# How do you store large tarps?



## Leah Frances (Jan 13, 2008)

I've got four large tarps that end up just folded up to approximately 3x5 foot and stacked on top of things in the garage - they inevitably end up sliding off and unfolding making a big, unsightly mess.

Anyone have some great ideas for storing them?


----------



## Bud Cline (Mar 12, 2006)

Don't fold them, fold them once or twice (or whatever) then roll them up maybe.


----------



## Ron6519 (Mar 28, 2007)

Or you can fold them into a smaller package and tie them on all 4 sides. iIhave a few 40'x60' tarps that behave under those circumstances.
They are also set on a flat, stable base.


----------



## Blondesense (Sep 23, 2008)

Could you accordion fold them, put them through a hanger and hang them?


----------



## sixeightten (Feb 10, 2009)

I fold them up tight and tape them securely. My largest is 30'x40'.


----------



## Leah Frances (Jan 13, 2008)

Blondesense said:


> Could you accordion fold them, put them through a hanger and hang them?

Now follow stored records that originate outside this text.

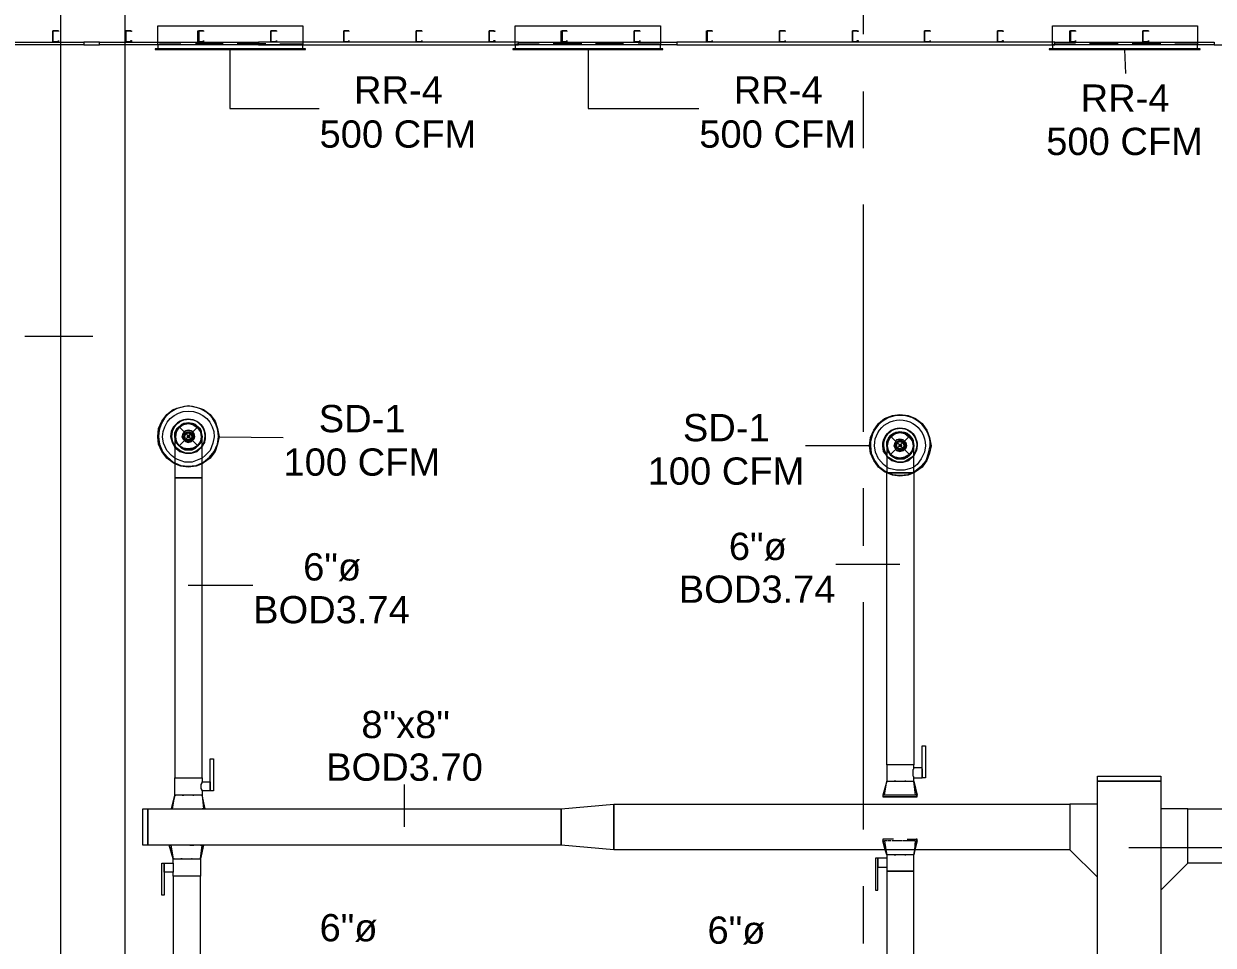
# Model space of a CAD drawing. Header units: metres. Extents: x 39 to 278, y -7 to 151.
# Drawn here: x 81.36 to 88.01, y 18.33 to 23.48 of the extents above; entities that cross this region are included whole.
import ezdxf

# ---------------------------------------------------------------- set-up
doc = ezdxf.new("R2010")
doc.units = ezdxf.units.M
doc.layers.add('HVAC - Ductos', color=5, linetype='Continuous', lineweight=50)
doc.layers.add('PDF_Geometry', color=7, linetype='Continuous', true_color=0xaaaaaa)
doc.layers.add('PDF_Solid Fills', color=7, linetype='Continuous', true_color=0xffffff)
doc.layers.add('PDF_Text', color=7, linetype='Continuous')
doc.styles.add('PDF Helvetica', font='')
doc.styles.get('PDF Helvetica').set_extended_font_data('Helvetica')

msp = doc.modelspace()

# ---------------------------------------------------------------- hatches: boundary and pattern name
at = {"layer": 'PDF_Solid Fills', "lineweight": 0, "transparency": 33554559}
h = msp.add_hatch(color=256, dxfattribs=at)
h.paths.add_polyline_path([(85.1779, 23.3786), (85.1825, 23.4382), (85.1779, 23.4382)])
h.paths.add_polyline_path([(85.2099, 23.3786), (85.1825, 23.3786), (85.2099, 23.374)])

# ---------------------------------------------------------------- linework, layer by layer
at = {"layer": 'HVAC - Ductos', "lineweight": 0}
for points in [[(81.9282, 23.7223), (81.9282, 17.6036), (81.5708, 17.6036), (81.5708, 23.7223)], [(87.0937, 23.3373), (87.0937, 23.3328), (87.9371, 23.3328), (87.9371, 23.3373)], [(86.1862, 19.336), (86.1862, 20.9677), (86.1725, 20.9723), (86.1404, 20.9998), (86.1129, 21.0365), (86.0945, 21.0778), (86.0899, 21.119), (86.0945, 21.1648), (86.1129, 21.2061), (86.1404, 21.2427), (86.1725, 21.2702), (86.2183, 21.2886), (86.2596, 21.2932), (86.3054, 21.2886), (86.3466, 21.2702), (86.3833, 21.2427), (86.4108, 21.2061), (86.4246, 21.1648), (86.4337, 21.119), (86.4246, 21.0778), (86.4108, 21.0365), (86.3833, 20.9998), (86.3466, 20.9723), (86.3375, 20.9677), (86.3375, 19.336), (86.3329, 19.336), (86.3283, 19.336), (86.3145, 19.336), (86.3008, 19.336), (86.2825, 19.336), (86.2596, 19.336), (86.2412, 19.336), (86.2229, 19.336), (86.2045, 19.336), (86.1953, 19.336)], [(82.3545, 21.1511), (82.3453, 21.1328), (82.3362, 21.119), (82.3178, 21.1052), (82.2995, 21.1007), (82.2812, 21.0961), (82.2628, 21.1007), (82.2445, 21.1052), (82.2308, 21.119), (82.217, 21.1328), (82.2124, 21.1511), (82.2078, 21.1694), (82.2124, 21.1878), (82.217, 21.2061), (82.2308, 21.2244), (82.2445, 21.2336), (82.2628, 21.2427), (82.2812, 21.2427), (82.2995, 21.2427), (82.3178, 21.2336), (82.3362, 21.2244), (82.3453, 21.2061), (82.3545, 21.1878), (82.3545, 21.1694)], [(82.3499, 21.1419), (82.3316, 21.119), (82.3087, 21.1052), (82.2812, 21.1007), (82.2537, 21.1052), (82.2308, 21.119), (82.217, 21.1419), (82.2124, 21.1694), (82.217, 21.197), (82.2308, 21.2198), (82.2537, 21.2382), (82.2812, 21.2427), (82.3087, 21.2382), (82.3316, 21.2198), (82.3499, 21.197), (82.3545, 21.1694)], [(82.2537, 21.1878), (82.2491, 21.1694), (82.2537, 21.1878), (82.2674, 21.2015), (82.2812, 21.2061), (82.2995, 21.2015), (82.3132, 21.1878), (82.3178, 21.1694), (82.3132, 21.1878), (82.2995, 21.2015), (82.2812, 21.2061), (82.2674, 21.2015)], [(82.185, 21.1694), (82.1941, 21.1373), (82.2078, 21.1144), (82.1941, 21.1373)], [(82.2078, 21.1924), (82.2078, 21.1878)], [(82.2078, 21.1878), (82.2078, 21.1694), (82.2078, 21.1648), (82.2078, 21.1694)], [(82.3132, 21.1557), (82.3178, 21.1694), (82.3132, 21.1557), (82.2995, 21.1419), (82.2812, 21.1373), (82.2674, 21.1419), (82.2537, 21.1557), (82.2491, 21.1694), (82.2537, 21.1557), (82.2674, 21.1419), (82.2812, 21.1373), (82.2995, 21.1419)], [(82.2628, 21.1878), (82.2582, 21.1694), (82.2628, 21.1878), (82.2766, 21.197), (82.2904, 21.197), (82.3041, 21.1878), (82.3087, 21.1694), (82.3041, 21.1878), (82.2904, 21.1924), (82.2766, 21.1924)], [(82.3041, 21.1557), (82.3087, 21.1694), (82.3041, 21.1557), (82.2904, 21.1465), (82.2766, 21.1465), (82.2628, 21.1557), (82.2582, 21.1694), (82.2628, 21.1557), (82.2766, 21.1465), (82.2904, 21.1465)], [(82.295, 21.1557), (82.2812, 21.1511), (82.2674, 21.1557), (82.2628, 21.1694), (82.2674, 21.1832), (82.2812, 21.1924), (82.295, 21.1832), (82.3041, 21.1694)], [(82.2812, 21.174), (82.2766, 21.1694), (82.2812, 21.1786), (82.2858, 21.1786), (82.2904, 21.1694), (82.2858, 21.174)], [(82.2858, 21.1648), (82.2904, 21.1694), (82.2858, 21.1648), (82.2812, 21.1648), (82.2766, 21.1694), (82.2812, 21.1648)], [(86.1862, 21.119), (86.1862, 21.1419), (86.1953, 21.1602), (86.2045, 21.174), (86.2229, 21.1878), (86.2412, 21.1924), (86.2596, 21.197), (86.2825, 21.1924), (86.3008, 21.1878), (86.3145, 21.174), (86.3283, 21.1602), (86.3329, 21.1419), (86.3375, 21.119), (86.3375, 21.1144), (86.3375, 21.119), (86.3329, 21.1419), (86.3283, 21.1602), (86.3145, 21.174), (86.3008, 21.1878), (86.2825, 21.1924), (86.2596, 21.197), (86.2412, 21.1924), (86.2229, 21.1878), (86.2045, 21.174), (86.1953, 21.1602), (86.1862, 21.1419), (86.1862, 21.119), (86.1862, 21.1144)], [(86.3329, 21.1007), (86.3237, 21.0824), (86.3145, 21.0686), (86.2962, 21.0594), (86.2779, 21.0502), (86.2596, 21.0457), (86.2412, 21.0502), (86.2229, 21.0594), (86.2091, 21.0686), (86.1953, 21.0824), (86.1908, 21.1007), (86.1862, 21.119), (86.1908, 21.1419), (86.1953, 21.1557), (86.2091, 21.174), (86.2229, 21.1832), (86.2412, 21.1924), (86.2596, 21.1924), (86.2779, 21.1924), (86.2962, 21.1832), (86.3145, 21.174), (86.3237, 21.1557), (86.3329, 21.1419), (86.3329, 21.119)], [(86.3283, 21.0915), (86.31, 21.0686), (86.2871, 21.0548), (86.2596, 21.0502), (86.2321, 21.0548), (86.2091, 21.0686), (86.1953, 21.0915), (86.1908, 21.119), (86.1953, 21.1465), (86.2091, 21.1694), (86.2321, 21.1878), (86.2596, 21.1924), (86.2871, 21.1878), (86.31, 21.1694), (86.3283, 21.1465), (86.3329, 21.119)], [(86.2321, 21.1373), (86.2275, 21.119), (86.2321, 21.1373), (86.2412, 21.1511), (86.2596, 21.1557), (86.2779, 21.1511), (86.2916, 21.1373), (86.2962, 21.119), (86.2916, 21.1373), (86.2779, 21.1511), (86.2596, 21.1557), (86.2412, 21.1511)], [(86.2412, 21.1373), (86.2366, 21.119), (86.2412, 21.1373), (86.2504, 21.1465), (86.2687, 21.1465), (86.2825, 21.1373), (86.2871, 21.119), (86.2825, 21.1373), (86.2687, 21.1465), (86.255, 21.1465)], [(86.2733, 21.1052), (86.2596, 21.1007), (86.2458, 21.1052), (86.2412, 21.119), (86.2458, 21.1373), (86.2596, 21.1419), (86.2733, 21.1373), (86.2825, 21.119)], [(82.2124, 21.1098), (82.2354, 21.0915), (82.2674, 21.0778), (82.2995, 21.0778), (82.3316, 21.0915), (82.3545, 21.1098), (82.3591, 21.119), (82.3545, 21.1098), (82.3316, 21.0915), (82.2995, 21.0778), (82.2674, 21.0778), (82.2354, 21.0915), (82.2124, 21.1098), (82.2078, 21.119)], [(82.3545, 21.1098), (82.3316, 21.0869), (82.2995, 21.0778), (82.2674, 21.0778), (82.2354, 21.0869), (82.2078, 21.1098), (82.2078, 21.1144), (82.2078, 21.1098), (82.2354, 21.0869), (82.2674, 21.0778), (82.2995, 21.0778), (82.3316, 21.0869), (82.3545, 21.1098), (82.3591, 21.1144)], [(86.1633, 21.119), (86.1679, 21.0869), (86.1862, 21.064), (86.1679, 21.0869)], [(86.2916, 21.1052), (86.2962, 21.119), (86.2916, 21.1052), (86.2779, 21.0915), (86.2596, 21.0869), (86.2412, 21.0915), (86.2321, 21.1052), (86.2275, 21.119), (86.2321, 21.1052), (86.2412, 21.0915), (86.2596, 21.0869), (86.2779, 21.0915)], [(86.2825, 21.1052), (86.2871, 21.119), (86.2825, 21.1052), (86.2687, 21.0961), (86.2504, 21.0961), (86.2412, 21.1052), (86.2366, 21.119), (86.2412, 21.1052), (86.255, 21.0961), (86.2687, 21.0961)], [(86.2641, 21.1236), (86.2596, 21.1236), (86.255, 21.119), (86.2596, 21.1282), (86.2641, 21.1282), (86.2687, 21.119), (86.2641, 21.1144), (86.2596, 21.1144), (86.255, 21.119), (86.2596, 21.1144), (86.2641, 21.1144), (86.2641, 21.119)], [(86.3375, 21.0686), (86.3329, 21.0594), (86.3054, 21.0411), (86.2779, 21.0274), (86.2458, 21.0274), (86.2137, 21.0411), (86.1862, 21.0594), (86.2137, 21.0365), (86.2458, 21.0274), (86.2779, 21.0274), (86.31, 21.0365), (86.3329, 21.0594), (86.3375, 21.064), (86.3329, 21.0594)], [(86.1862, 21.0594), (86.2137, 21.0411), (86.2458, 21.0274), (86.2779, 21.0274), (86.3054, 21.0411), (86.3329, 21.0594), (86.31, 21.0365), (86.2779, 21.0274), (86.2458, 21.0274), (86.2137, 21.0365), (86.1862, 21.0594), (86.1862, 21.064), (86.1862, 21.0594), (86.1862, 21.0686)], [(82.4232, 19.1894), (82.405, 19.1894), (82.405, 19.3682), (82.4232, 19.3682)], [(86.2366, 19.2444), (86.2321, 19.2444), (86.2275, 19.2444), (86.2321, 19.2444)], [(86.2916, 19.2444), (86.2871, 19.2444)], [(87.7171, 19.2444), (87.3641, 19.2444), (87.3641, 19.2719), (87.7171, 19.2719)], [(87.7171, 19.2444), (87.7171, 17.8098), (87.3641, 17.8098), (87.3641, 19.2444)], [(82.2582, 19.1665), (82.2537, 19.1665), (82.2491, 19.1665), (82.2537, 19.1665)], [(82.3132, 19.1665), (82.3087, 19.1665)], [(86.3558, 19.1573), (86.3512, 19.1573), (86.3466, 19.1573), (86.3329, 19.1573), (86.3145, 19.1573), (86.2962, 19.1573), (86.2733, 19.1573), (86.2504, 19.1573), (86.2275, 19.1573), (86.2045, 19.1573), (86.1908, 19.1573), (86.1771, 19.1573), (86.1679, 19.1573), (86.1633, 19.1573), (86.1679, 19.1573), (86.1771, 19.1573), (86.1908, 19.1573), (86.2045, 19.1573), (86.2275, 19.1573), (86.2504, 19.1573), (86.2733, 19.1573), (86.2962, 19.1573), (86.3145, 19.1573), (86.3329, 19.1573), (86.3466, 19.1573), (86.3512, 19.1573)], [(82.0291, 18.8869), (82.0291, 19.0886), (82.0566, 19.0886), (82.0566, 18.8869)], [(84.3666, 18.8869), (82.0566, 18.8869), (82.0566, 19.0886), (84.3666, 19.0886)], [(84.66, 18.8594), (84.3666, 18.8869), (84.3666, 19.0886), (84.66, 19.116)], [(87.2083, 19.116), (87.2083, 18.8594), (84.66, 18.8594), (84.66, 19.116), (87.2083, 19.116), (87.2083, 18.8594), (87.3641, 18.7082), (87.3641, 19.116)], [(87.8683, 18.786), (87.8683, 19.0886), (87.7171, 19.0886), (87.7171, 18.6348)], [(88.7346, 18.786), (87.8683, 18.786), (87.8683, 19.0886), (88.7346, 19.0886)], [(82.1804, 18.8869), (82.1758, 18.8869)], [(82.3682, 18.8869), (82.3499, 18.809), (82.3682, 18.8869), (82.3637, 18.8869)], [(86.3421, 18.8594), (86.3558, 18.9098)], [(86.2275, 18.8319), (86.2321, 18.8319), (86.2366, 18.8319), (86.2321, 18.8319)], [(86.2871, 18.8319), (86.2916, 18.8319)], [(86.3375, 18.8319), (86.3421, 18.8594)], [(82.2399, 18.809), (82.2445, 18.809), (82.2491, 18.809), (82.2445, 18.809)], [(82.2995, 18.809), (82.3041, 18.809)], [(86.3375, 18.7402), (86.3329, 18.7402), (86.3283, 18.7402), (86.3145, 18.7402), (86.3008, 18.7402), (86.2825, 18.7402), (86.2596, 18.7402), (86.2412, 18.7402), (86.2229, 18.7402), (86.2045, 18.7402), (86.1953, 18.7402), (86.1862, 18.7402), (86.1862, 17.9427), (86.1953, 17.9427), (86.2045, 17.9427), (86.2229, 17.9427), (86.2412, 17.9427), (86.2596, 17.9427), (86.2825, 17.9427), (86.3008, 17.9427), (86.3145, 17.9427), (86.3283, 17.9427), (86.3329, 17.9427), (86.3375, 17.9427)]]:
    msp.add_lwpolyline(points, close=True, dxfattribs=at)
for points in [[(82.9366, 23.3373), (82.9228, 23.3373), (82.9228, 23.3603), (82.1116, 23.3603), (82.1116, 23.4657), (82.9228, 23.4657), (82.9228, 23.3603), (82.1116, 23.3603), (82.1116, 23.3373), (82.0978, 23.3373), (82.0978, 23.3328), (82.9366, 23.3328), (82.9366, 23.3373), (82.0978, 23.3373)], [(84.935, 23.3373), (84.9212, 23.3373), (84.9212, 23.3603), (84.11, 23.3603), (84.11, 23.4657), (84.9212, 23.4657), (84.9212, 23.3603), (84.11, 23.3603), (84.11, 23.3373), (84.0962, 23.3373), (84.0962, 23.3328), (84.935, 23.3328), (84.935, 23.3373), (84.0962, 23.3373)], [(87.9371, 23.3373), (87.9233, 23.3373), (87.9233, 23.3603), (87.1121, 23.3603), (87.1121, 23.4657), (87.9233, 23.4657), (87.9233, 23.3603), (87.1121, 23.3603), (87.1121, 23.3373), (87.0983, 23.3373)], [(82.2399, 23.3603), (82.1208, 23.3603), (82.1208, 23.3649), (82.2399, 23.3649)], [(82.1208, 23.3328), (82.9137, 23.3328)], [(82.4782, 23.3649), (82.3224, 23.3649)], [(82.4782, 23.3603), (82.3224, 23.3603)], [(82.5149, 23.3328), (82.5149, 23.0028), (83.0145, 23.0028)], [(82.7166, 23.3649), (82.5562, 23.3649)], [(82.7166, 23.3603), (82.5562, 23.3603)], [(82.7945, 23.3649), (82.9183, 23.3649), (82.9183, 23.3603), (82.7945, 23.3603)], [(84.2429, 23.3603), (84.1191, 23.3603), (84.1191, 23.3649), (84.2429, 23.3649)], [(84.1191, 23.3328), (84.912, 23.3328)], [(84.4812, 23.3649), (84.3208, 23.3649)], [(84.4812, 23.3603), (84.3208, 23.3603)], [(84.5179, 23.3328), (84.5179, 23.0028), (85.1366, 23.0028)], [(84.7149, 23.3649), (84.5591, 23.3649)], [(84.7149, 23.3603), (84.5591, 23.3603)], [(84.7975, 23.3649), (84.9166, 23.3649), (84.9166, 23.3603), (84.7975, 23.3603)], [(87.2404, 23.3603), (87.1212, 23.3603), (87.1212, 23.3649), (87.2404, 23.3649)], [(87.1212, 23.3328), (87.9141, 23.3328)], [(87.4787, 23.3649), (87.3183, 23.3649)], [(87.4787, 23.3603), (87.3183, 23.3603)], [(87.5154, 23.3328), (87.52, 23.1999)], [(87.7171, 23.3649), (87.5567, 23.3649)], [(87.7171, 23.3603), (87.5567, 23.3603)], [(87.795, 23.3649), (87.9187, 23.3649), (87.9187, 23.3603), (87.795, 23.3603)], [(81.7495, 21.7286), (81.3691, 21.7286)], [(82.2078, 21.0182), (82.1987, 21.0228), (82.162, 21.0502), (82.1345, 21.0869), (82.1162, 21.1282), (82.1116, 21.1694), (82.1162, 21.2152), (82.1345, 21.2565), (82.162, 21.2932), (82.1987, 21.3207), (82.2399, 21.3344), (82.2812, 21.3436), (82.327, 21.3344), (82.3682, 21.3207), (82.405, 21.2932), (82.4324, 21.2565), (82.4462, 21.2152), (82.4554, 21.1694), (82.4462, 21.1282), (82.4324, 21.0869), (82.405, 21.0502), (82.3682, 21.0228), (82.3591, 21.0182)], [(82.3774, 19.0886), (82.3591, 19.1665), (82.3545, 19.1665), (82.3499, 19.1665), (82.3362, 19.1665), (82.3224, 19.1665), (82.3041, 19.1665), (82.2812, 19.1665), (82.2628, 19.1665), (82.2445, 19.1665), (82.2308, 19.1665), (82.217, 19.1665), (82.2124, 19.1665), (82.2078, 19.1665), (82.2078, 19.2628), (82.217, 19.2628), (82.2308, 19.2628), (82.2445, 19.2628), (82.2628, 19.2628), (82.2812, 19.2628), (82.3041, 19.2628), (82.3224, 19.2628), (82.3362, 19.2628), (82.3499, 19.2628), (82.3545, 19.2628), (82.3591, 19.2628), (82.3591, 20.9402), (82.3591, 20.9952), (82.3591, 21.0457), (82.3591, 21.0915), (82.3591, 21.1282), (82.3591, 21.1557), (82.3591, 21.1694), (82.3591, 21.1648), (82.3591, 21.1694), (82.3545, 21.1924), (82.3499, 21.2107), (82.3362, 21.2244), (82.3224, 21.2382), (82.3041, 21.2427), (82.2812, 21.2473), (82.2628, 21.2427), (82.2445, 21.2382), (82.2354, 21.229), (82.2308, 21.2244), (82.217, 21.2107), (82.2078, 21.1924), (82.217, 21.2107), (82.2308, 21.2244), (82.2354, 21.229), (82.2445, 21.2382), (82.2628, 21.2427), (82.2812, 21.2473), (82.3041, 21.2427), (82.3224, 21.2382), (82.3362, 21.2244), (82.3499, 21.2107), (82.3545, 21.1924), (82.3591, 21.1694)], [(82.217, 21.2015), (82.2308, 21.2244), (82.2537, 21.2382)], [(82.2354, 21.229), (82.2354, 21.229)], [(82.2354, 21.229), (82.2354, 21.229)], [(82.2491, 21.2382), (82.2537, 21.2427), (82.2582, 21.2427)], [(82.2582, 21.2382), (82.2812, 21.2427), (82.3087, 21.2382)], [(82.3087, 21.2427), (82.3132, 21.2427), (82.3132, 21.2382)], [(82.3132, 21.2382), (82.3362, 21.2244), (82.3499, 21.2015)], [(82.2124, 21.1373), (82.2124, 21.1419), (82.2124, 21.1465), (82.2078, 21.1694), (82.2124, 21.197)], [(82.2078, 21.1694), (82.2078, 21.1648), (82.2078, 21.1465), (82.2078, 21.1144), (82.2078, 21.0778), (82.2078, 21.0274), (82.2078, 20.9769), (82.2078, 20.9402), (82.217, 20.9402), (82.2308, 20.9402), (82.2445, 20.9402), (82.2628, 20.9402), (82.2812, 20.9402), (82.3041, 20.9402), (82.3224, 20.9402), (82.3362, 20.9402), (82.3499, 20.9402), (82.3545, 20.9402), (82.3591, 20.9402), (82.3545, 20.9402), (82.3499, 20.9402), (82.3362, 20.9402), (82.3224, 20.9402), (82.3041, 20.9402), (82.2812, 20.9402), (82.2628, 20.9402), (82.2445, 20.9402), (82.2308, 20.9402), (82.217, 20.9402), (82.2078, 20.9402), (82.2078, 19.2628), (82.217, 19.2628), (82.2308, 19.2628), (82.2445, 19.2628), (82.2628, 19.2628), (82.2812, 19.2628), (82.3041, 19.2628), (82.3224, 19.2628), (82.3362, 19.2628), (82.3499, 19.2628), (82.3545, 19.2628), (82.3591, 19.2628), (82.3591, 19.2398), (82.405, 19.2398), (82.405, 19.2352), (82.405, 19.2306), (82.405, 19.226), (82.405, 19.2215), (82.405, 19.2123), (82.405, 19.2078), (82.405, 19.2032), (82.405, 19.194), (82.405, 19.1894), (82.3591, 19.1894), (82.3591, 19.1665), (82.3682, 19.0886), (82.3591, 19.0886)], [(82.2078, 21.1648), (82.2078, 21.1511), (82.217, 21.1328), (82.2308, 21.119), (82.2445, 21.1052), (82.2628, 21.0961), (82.2812, 21.0961), (82.3041, 21.0961), (82.3224, 21.1052), (82.3362, 21.119), (82.3499, 21.1328), (82.3545, 21.1511), (82.3591, 21.1648)], [(82.2124, 21.197), (82.2124, 21.2015)], [(82.2537, 21.1052), (82.2308, 21.119), (82.217, 21.1419)], [(82.3499, 21.1419), (82.3362, 21.119), (82.3132, 21.1052)], [(82.3499, 21.2015), (82.3545, 21.2015), (82.3545, 21.197)], [(82.3499, 21.197), (82.3545, 21.1694), (82.3499, 21.1465)], [(82.3545, 21.1465), (82.3545, 21.1419), (82.3499, 21.1373)], [(82.4554, 21.1694), (82.8128, 21.1648)], [(86.1908, 21.0869), (86.1908, 21.0915), (86.1908, 21.0961), (86.1862, 21.119), (86.1908, 21.1465)], [(86.1908, 21.1465), (86.1908, 21.1511)], [(86.1953, 21.1511), (86.2091, 21.174), (86.2275, 21.1878)], [(86.2275, 21.1878), (86.2321, 21.1924), (86.2366, 21.1924)], [(86.2366, 21.1878), (86.2596, 21.1924), (86.2871, 21.1878)], [(86.2871, 21.1924), (86.2916, 21.1924), (86.2916, 21.1878)], [(86.2916, 21.1878), (86.3145, 21.174), (86.3283, 21.1511)], [(86.3283, 21.1511), (86.3329, 21.1511), (86.3329, 21.1465)], [(86.3283, 21.1465), (86.3329, 21.119), (86.3283, 21.0961)], [(82.3132, 21.1007), (82.3087, 21.1007), (82.2812, 21.0961), (82.2582, 21.1007), (82.2537, 21.1007), (82.2491, 21.1007)], [(82.3132, 21.1007), (82.3132, 21.1007)], [(86.0899, 21.119), (85.7325, 21.119)], [(86.1862, 21.119), (86.1862, 21.1144), (86.1862, 21.0961), (86.1862, 21.0686), (86.1862, 21.032), (86.1862, 20.9861), (86.1862, 20.9677), (86.1953, 20.9677), (86.2045, 20.9677), (86.2229, 20.9677), (86.2412, 20.9677), (86.2596, 20.9677), (86.2825, 20.9677), (86.3008, 20.9677), (86.3145, 20.9677), (86.3283, 20.9677), (86.3329, 20.9677), (86.3375, 20.9677), (86.3375, 21.0136), (86.3375, 21.0502), (86.3375, 21.0869), (86.3375, 21.1098), (86.3375, 21.119)], [(86.1862, 21.1144), (86.1862, 21.1007), (86.1953, 21.0824), (86.2045, 21.0686), (86.2229, 21.0548), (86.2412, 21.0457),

WAY to big for a clothes hanger, but that's an idea.


----------



## ThatDaveGuy (Dec 31, 2010)

Had the same problem, ended up folding it together sideways into a long rectangle, then rolling it up and sticking it inside a piece of Sonotube I had handy, just stood it upright in a corner 'til needed.


----------



## BigJim (Sep 2, 2008)

I do mine like ThatDaveGuy but I use bungie cords, works for me.


----------



## Polly003 (Aug 24, 2011)

Being older and female, I find I cannot no longer carry anything much larger than 12x12 (or whatever the true measurement is) so I lay them out on the ground, fold sides in til it is about 3' wide, then roll it, bungee or rope tie, and slide into a trash can for storage. I can fit several in a can and use the handle to drag them to where I need them. May be overkill for storage, but the tarps can run into some money while the trash cans are only about $10 each with tight fitting lids. 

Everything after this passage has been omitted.